[[ DATA RECORDS open ]]
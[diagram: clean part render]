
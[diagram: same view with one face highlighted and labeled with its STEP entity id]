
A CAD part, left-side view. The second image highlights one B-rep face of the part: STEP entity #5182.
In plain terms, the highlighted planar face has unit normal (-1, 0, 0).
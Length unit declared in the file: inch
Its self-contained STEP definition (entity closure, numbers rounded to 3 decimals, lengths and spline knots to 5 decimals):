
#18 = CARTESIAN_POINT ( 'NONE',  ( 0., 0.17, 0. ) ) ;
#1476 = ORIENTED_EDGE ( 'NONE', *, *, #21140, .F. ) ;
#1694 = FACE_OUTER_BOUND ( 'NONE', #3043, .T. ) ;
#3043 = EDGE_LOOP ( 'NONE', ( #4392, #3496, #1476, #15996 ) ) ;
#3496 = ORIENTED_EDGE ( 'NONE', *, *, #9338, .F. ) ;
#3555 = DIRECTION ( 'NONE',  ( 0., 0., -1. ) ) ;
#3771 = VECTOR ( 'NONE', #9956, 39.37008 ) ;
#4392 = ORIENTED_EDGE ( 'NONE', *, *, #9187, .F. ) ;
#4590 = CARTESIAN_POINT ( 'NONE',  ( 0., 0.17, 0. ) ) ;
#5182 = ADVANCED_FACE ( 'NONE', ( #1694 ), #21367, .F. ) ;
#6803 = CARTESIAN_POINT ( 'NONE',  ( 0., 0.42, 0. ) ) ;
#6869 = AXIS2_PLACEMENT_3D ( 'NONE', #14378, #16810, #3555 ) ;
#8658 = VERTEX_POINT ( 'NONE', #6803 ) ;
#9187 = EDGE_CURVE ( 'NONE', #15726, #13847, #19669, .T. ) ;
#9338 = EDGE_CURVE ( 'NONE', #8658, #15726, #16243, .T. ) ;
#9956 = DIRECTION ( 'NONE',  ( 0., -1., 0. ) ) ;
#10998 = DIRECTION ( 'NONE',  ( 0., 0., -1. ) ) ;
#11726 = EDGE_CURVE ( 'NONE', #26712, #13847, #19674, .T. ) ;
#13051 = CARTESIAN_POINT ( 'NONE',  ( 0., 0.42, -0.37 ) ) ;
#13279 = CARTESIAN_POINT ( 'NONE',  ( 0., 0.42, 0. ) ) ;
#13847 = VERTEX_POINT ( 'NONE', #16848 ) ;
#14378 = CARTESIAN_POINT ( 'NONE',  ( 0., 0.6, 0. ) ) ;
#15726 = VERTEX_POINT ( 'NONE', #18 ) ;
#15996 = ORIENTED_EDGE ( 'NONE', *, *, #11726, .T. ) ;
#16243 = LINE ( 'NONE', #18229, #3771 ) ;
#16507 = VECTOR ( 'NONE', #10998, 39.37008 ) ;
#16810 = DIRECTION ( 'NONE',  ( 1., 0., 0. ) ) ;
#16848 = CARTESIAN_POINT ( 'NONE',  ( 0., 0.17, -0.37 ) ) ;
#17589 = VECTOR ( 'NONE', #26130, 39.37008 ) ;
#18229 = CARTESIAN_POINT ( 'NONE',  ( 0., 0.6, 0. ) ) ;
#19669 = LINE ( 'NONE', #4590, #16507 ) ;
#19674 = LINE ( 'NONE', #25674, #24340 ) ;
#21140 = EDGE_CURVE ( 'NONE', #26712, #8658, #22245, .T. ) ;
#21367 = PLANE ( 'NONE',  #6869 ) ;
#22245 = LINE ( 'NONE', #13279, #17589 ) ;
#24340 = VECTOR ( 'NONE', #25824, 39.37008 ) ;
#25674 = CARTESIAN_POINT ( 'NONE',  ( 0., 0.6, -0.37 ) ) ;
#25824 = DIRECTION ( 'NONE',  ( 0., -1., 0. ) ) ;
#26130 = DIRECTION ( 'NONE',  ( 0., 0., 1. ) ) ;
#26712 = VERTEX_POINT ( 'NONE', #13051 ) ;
[[ DATA RECORDS closed ]]
WHAT THE TASK ASKS
Report only the number of lines in the listing that contain the word "view".

RESPONSE BELOW
2